24 Jul
2010
I took this photo at the BASF business hotel in Ludwigshafen, Germany. It shows the carpet in the elevator in the seminar wing of the building. As you might guess from the writing, this carpet is replaced every day. This was a surprise to me, since it is a basic assumption about carpets that there is only on of them for any particular location.
One way to come up with surprising ideas like this is to use provocations. Provocations (a name coined by Edward de Bono) are deliberate challenges to reality as we know it. In order to create them, we need two steps:
1. Make an observation about the world as we know it.

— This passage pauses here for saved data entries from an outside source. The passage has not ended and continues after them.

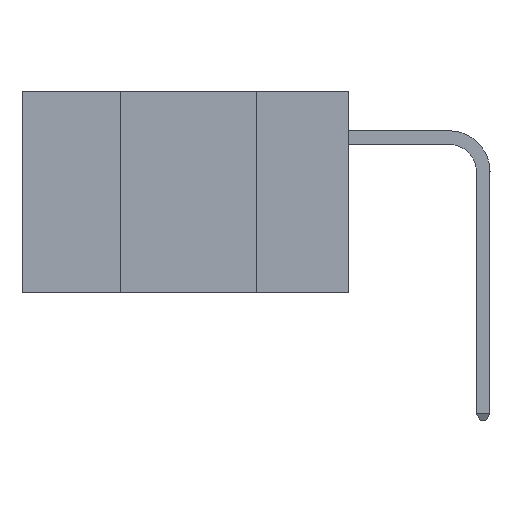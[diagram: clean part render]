
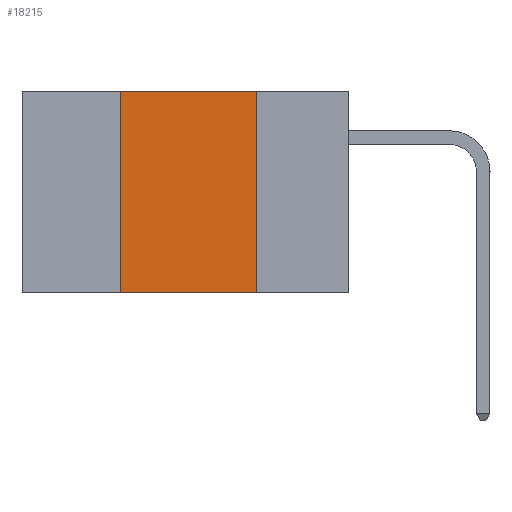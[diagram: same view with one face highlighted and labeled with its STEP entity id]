
A CAD part, left-side view. The second image highlights one B-rep face of the part: STEP entity #18215.
In plain terms, the highlighted planar face has unit normal (-1, 0, 0).
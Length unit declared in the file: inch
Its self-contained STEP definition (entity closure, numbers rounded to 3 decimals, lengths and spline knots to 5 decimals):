
#235 = EDGE_CURVE ( 'NONE', #32644, #16475, #22189, .T. ) ;
#1679 = CARTESIAN_POINT ( 'NONE',  ( 0., 0.6, 0. ) ) ;
#2113 = CARTESIAN_POINT ( 'NONE',  ( 0., 0.17, 0. ) ) ;
#3398 = DIRECTION ( 'NONE',  ( 0., -1., 0. ) ) ;
#3785 = CARTESIAN_POINT ( 'NONE',  ( 0., 0.42, 0. ) ) ;
#4246 = EDGE_LOOP ( 'NONE', ( #16820, #5387, #29052, #19876 ) ) ;
#5387 = ORIENTED_EDGE ( 'NONE', *, *, #11009, .F. ) ;
#6761 = DIRECTION ( 'NONE',  ( 0., -1., 0. ) ) ;
#7754 = CARTESIAN_POINT ( 'NONE',  ( 0., 0.6, 0. ) ) ;
#8150 = VERTEX_POINT ( 'NONE', #31941 ) ;
#8323 = CARTESIAN_POINT ( 'NONE',  ( 0., 0.6, -0.37 ) ) ;
#10925 = DIRECTION ( 'NONE',  ( 0., 0., -1. ) ) ;
#11009 = EDGE_CURVE ( 'NONE', #26831, #32644, #35155, .T. ) ;
#11741 = VECTOR ( 'NONE', #10925, 39.37008 ) ;
#12214 = VECTOR ( 'NONE', #3398, 39.37008 ) ;
#13185 = FACE_OUTER_BOUND ( 'NONE', #4246, .T. ) ;
#14875 = DIRECTION ( 'NONE',  ( 0., 0., 1. ) ) ;
#15380 = DIRECTION ( 'NONE',  ( 0., 0., -1. ) ) ;
#16475 = VERTEX_POINT ( 'NONE', #33117 ) ;
#16820 = ORIENTED_EDGE ( 'NONE', *, *, #235, .F. ) ;
#17276 = CARTESIAN_POINT ( 'NONE',  ( 0., 0.42, 0. ) ) ;
#17953 = LINE ( 'NONE', #3785, #35918 ) ;
#18215 = ADVANCED_FACE ( 'NONE', ( #13185 ), #35216, .F. ) ;
#19876 = ORIENTED_EDGE ( 'NONE', *, *, #32322, .T. ) ;
#22189 = LINE ( 'NONE', #35852, #11741 ) ;
#25221 = LINE ( 'NONE', #8323, #12214 ) ;
#26831 = VERTEX_POINT ( 'NONE', #17276 ) ;
#27191 = DIRECTION ( 'NONE',  ( 1., 0., 0. ) ) ;
#28508 = EDGE_CURVE ( 'NONE', #8150, #26831, #17953, .T. ) ;
#28555 = AXIS2_PLACEMENT_3D ( 'NONE', #7754, #27191, #15380 ) ;
#29052 = ORIENTED_EDGE ( 'NONE', *, *, #28508, .F. ) ;
#31941 = CARTESIAN_POINT ( 'NONE',  ( 0., 0.42, -0.37 ) ) ;
#32322 = EDGE_CURVE ( 'NONE', #8150, #16475, #25221, .T. ) ;
#32644 = VERTEX_POINT ( 'NONE', #2113 ) ;
#33117 = CARTESIAN_POINT ( 'NONE',  ( 0., 0.17, -0.37 ) ) ;
#35155 = LINE ( 'NONE', #1679, #35313 ) ;
#35216 = PLANE ( 'NONE',  #28555 ) ;
#35313 = VECTOR ( 'NONE', #6761, 39.37008 ) ;
#35852 = CARTESIAN_POINT ( 'NONE',  ( 0., 0.17, 0. ) ) ;
#35918 = VECTOR ( 'NONE', #14875, 39.37008 ) ;
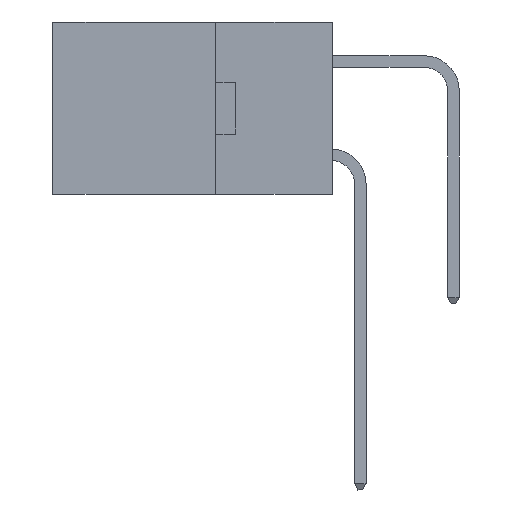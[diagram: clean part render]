
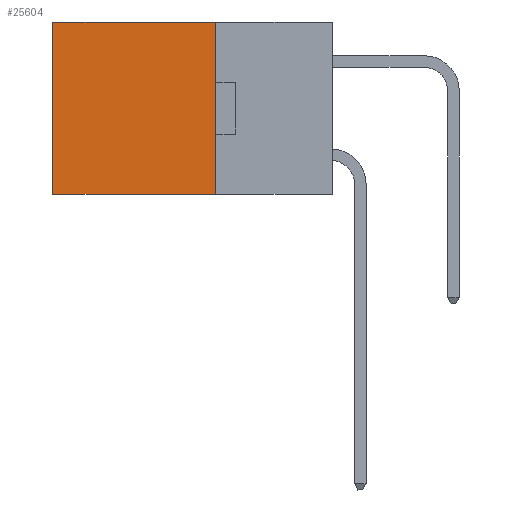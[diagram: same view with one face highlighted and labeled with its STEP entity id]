
A CAD part, left-side view. The second image highlights one B-rep face of the part: STEP entity #25604.
In plain terms, the highlighted planar face has unit normal (-1, 0, 0).
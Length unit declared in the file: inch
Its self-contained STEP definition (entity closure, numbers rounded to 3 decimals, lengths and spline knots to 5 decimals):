
#464 = VERTEX_POINT ( 'NONE', #5731 ) ;
#1237 = CARTESIAN_POINT ( 'NONE',  ( 0.2615, 0.25, 0. ) ) ;
#1923 = AXIS2_PLACEMENT_3D ( 'NONE', #5417, #28500, #14695 ) ;
#1941 = ORIENTED_EDGE ( 'NONE', *, *, #18081, .F. ) ;
#2118 = DIRECTION ( 'NONE',  ( 0., 0., -1. ) ) ;
#3614 = DIRECTION ( 'NONE',  ( 0., 1., 0. ) ) ;
#3851 = EDGE_LOOP ( 'NONE', ( #21284, #12006, #1941, #25062 ) ) ;
#4657 = CARTESIAN_POINT ( 'NONE',  ( 0.2615, 0.6, -0.37 ) ) ;
#5417 = CARTESIAN_POINT ( 'NONE',  ( 0.2615, 0.25, -0.37 ) ) ;
#5731 = CARTESIAN_POINT ( 'NONE',  ( 0.2615, 0.25, -0.37 ) ) ;
#6014 = CARTESIAN_POINT ( 'NONE',  ( 0.2615, 0.6, -0.37 ) ) ;
#6039 = DIRECTION ( 'NONE',  ( 0., 1., 0. ) ) ;
#6858 = CARTESIAN_POINT ( 'NONE',  ( 0.2615, 0.6, 0. ) ) ;
#7369 = LINE ( 'NONE', #29812, #19635 ) ;
#8377 = FACE_OUTER_BOUND ( 'NONE', #3851, .T. ) ;
#8594 = VERTEX_POINT ( 'NONE', #12510 ) ;
#10587 = CARTESIAN_POINT ( 'NONE',  ( 0.2615, 0.25, -0.37 ) ) ;
#10895 = LINE ( 'NONE', #6014, #23173 ) ;
#10914 = VERTEX_POINT ( 'NONE', #6858 ) ;
#12006 = ORIENTED_EDGE ( 'NONE', *, *, #24910, .F. ) ;
#12377 = PLANE ( 'NONE',  #1923 ) ;
#12510 = CARTESIAN_POINT ( 'NONE',  ( 0.2615, 0.25, 0. ) ) ;
#13035 = LINE ( 'NONE', #10587, #24596 ) ;
#14587 = VECTOR ( 'NONE', #3614, 39.37008 ) ;
#14695 = DIRECTION ( 'NONE',  ( 0., 0., -1. ) ) ;
#17795 = EDGE_CURVE ( 'NONE', #8594, #10914, #26870, .T. ) ;
#18081 = EDGE_CURVE ( 'NONE', #8594, #464, #7369, .T. ) ;
#19265 = EDGE_CURVE ( 'NONE', #10914, #27698, #10895, .T. ) ;
#19635 = VECTOR ( 'NONE', #2118, 39.37008 ) ;
#21284 = ORIENTED_EDGE ( 'NONE', *, *, #19265, .T. ) ;
#22192 = DIRECTION ( 'NONE',  ( 0., 0., -1. ) ) ;
#23173 = VECTOR ( 'NONE', #22192, 39.37008 ) ;
#24596 = VECTOR ( 'NONE', #6039, 39.37008 ) ;
#24910 = EDGE_CURVE ( 'NONE', #464, #27698, #13035, .T. ) ;
#25062 = ORIENTED_EDGE ( 'NONE', *, *, #17795, .T. ) ;
#25604 = ADVANCED_FACE ( 'NONE', ( #8377 ), #12377, .F. ) ;
#26870 = LINE ( 'NONE', #1237, #14587 ) ;
#27698 = VERTEX_POINT ( 'NONE', #4657 ) ;
#28500 = DIRECTION ( 'NONE',  ( 1., 0., 0. ) ) ;
#29812 = CARTESIAN_POINT ( 'NONE',  ( 0.2615, 0.25, -0.37 ) ) ;
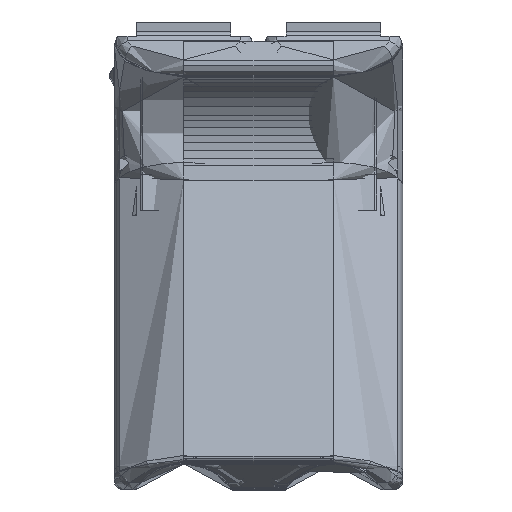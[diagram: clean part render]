
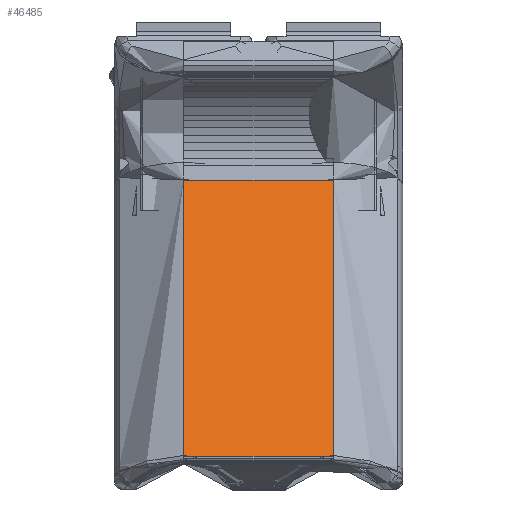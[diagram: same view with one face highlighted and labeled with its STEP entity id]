
A CAD part, left-side view. The second image highlights one B-rep face of the part: STEP entity #46485.
In plain terms, the highlighted planar face has unit normal (-0.931, 0, 0.366).
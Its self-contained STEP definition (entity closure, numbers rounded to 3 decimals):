
#6751=FACE_OUTER_BOUND('',#9320,.T.);
#9320=EDGE_LOOP('',(#41421,#41422,#41423,#41424));
#12615=LINE('',#143538,#16473);
#12638=LINE('',#143583,#16496);
#12701=LINE('',#143709,#16559);
#12702=LINE('',#143711,#16560);
#16473=VECTOR('',#58500,10.);
#16496=VECTOR('',#58531,10.);
#16559=VECTOR('',#58664,10.);
#16560=VECTOR('',#58667,10.);
#21312=VERTEX_POINT('',#143535);
#21313=VERTEX_POINT('',#143537);
#21330=VERTEX_POINT('',#143580);
#21331=VERTEX_POINT('',#143582);
#28045=EDGE_CURVE('',#21312,#21313,#12615,.T.);
#28068=EDGE_CURVE('',#21331,#21330,#12638,.T.);
#28131=EDGE_CURVE('',#21330,#21313,#12701,.T.);
#28132=EDGE_CURVE('',#21331,#21312,#12702,.T.);
#41421=ORIENTED_EDGE('',*,*,#28068,.T.);
#41422=ORIENTED_EDGE('',*,*,#28131,.T.);
#41423=ORIENTED_EDGE('',*,*,#28045,.F.);
#41424=ORIENTED_EDGE('',*,*,#28132,.F.);
#43981=PLANE('',#49634);
#46485=ADVANCED_FACE('',(#6751),#43981,.T.);
#49634=AXIS2_PLACEMENT_3D('',#143710,#58665,#58666);
#58500=DIRECTION('',(-0.366,0.,-0.931));
#58531=DIRECTION('',(-0.366,0.,-0.931));
#58664=DIRECTION('',(0.,-1.,0.));
#58665=DIRECTION('center_axis',(-0.931,0.,0.366));
#58666=DIRECTION('ref_axis',(-0.366,0.,-0.931));
#58667=DIRECTION('',(0.,-1.,0.));
#143535=CARTESIAN_POINT('',(11.668,-60.091,26.617));
#143537=CARTESIAN_POINT('',(-10.832,-60.091,-30.583));
#143538=CARTESIAN_POINT('',(11.668,-60.091,26.617));
#143580=CARTESIAN_POINT('',(-10.832,-29.091,-30.583));
#143582=CARTESIAN_POINT('',(11.668,-29.091,26.617));
#143583=CARTESIAN_POINT('',(11.668,-29.091,26.617));
#143709=CARTESIAN_POINT('',(-10.832,-29.091,-30.583));
#143710=CARTESIAN_POINT('Origin',(11.668,-29.091,26.617));
#143711=CARTESIAN_POINT('',(11.668,-29.091,26.617));

2. Challenge this observation.
Step 1 is the more difficult one, because the most productive observations are those which are so obvious that it is very hard see them. In the case of the elevator carpet, the necessary observation would be something like:
1. A carpet has a fixed location.
Or perhaps:
1. Every location only has one carpet.
Observations like this seem obvious after the fact, but most people find it quite difficult to create them themselves.
Once a good observation has been made, it is comparatively easy to generate provocations:
* No carpet has a fixed location.
* Some carpets have three homes.
* Carpets may change their locations.
* Every location has several carpets.
Many innovative ideas were created by changing a reality that was "obvious". (Think of the credit card changing the reality "You need money if you want to buy something" or cash value life insurance changing the reality from "life insurance pays someone else if you die" to "life insurance pays you if you survive". What ideas could be created by challenging the following "rules"?
* The goal of our company is to make a profit.
* You have to concentrate on your most profitable customers..
* You must listen to your customers.
* Customers pay for our service in Euros.
* It's our sales force that has contact with the customers.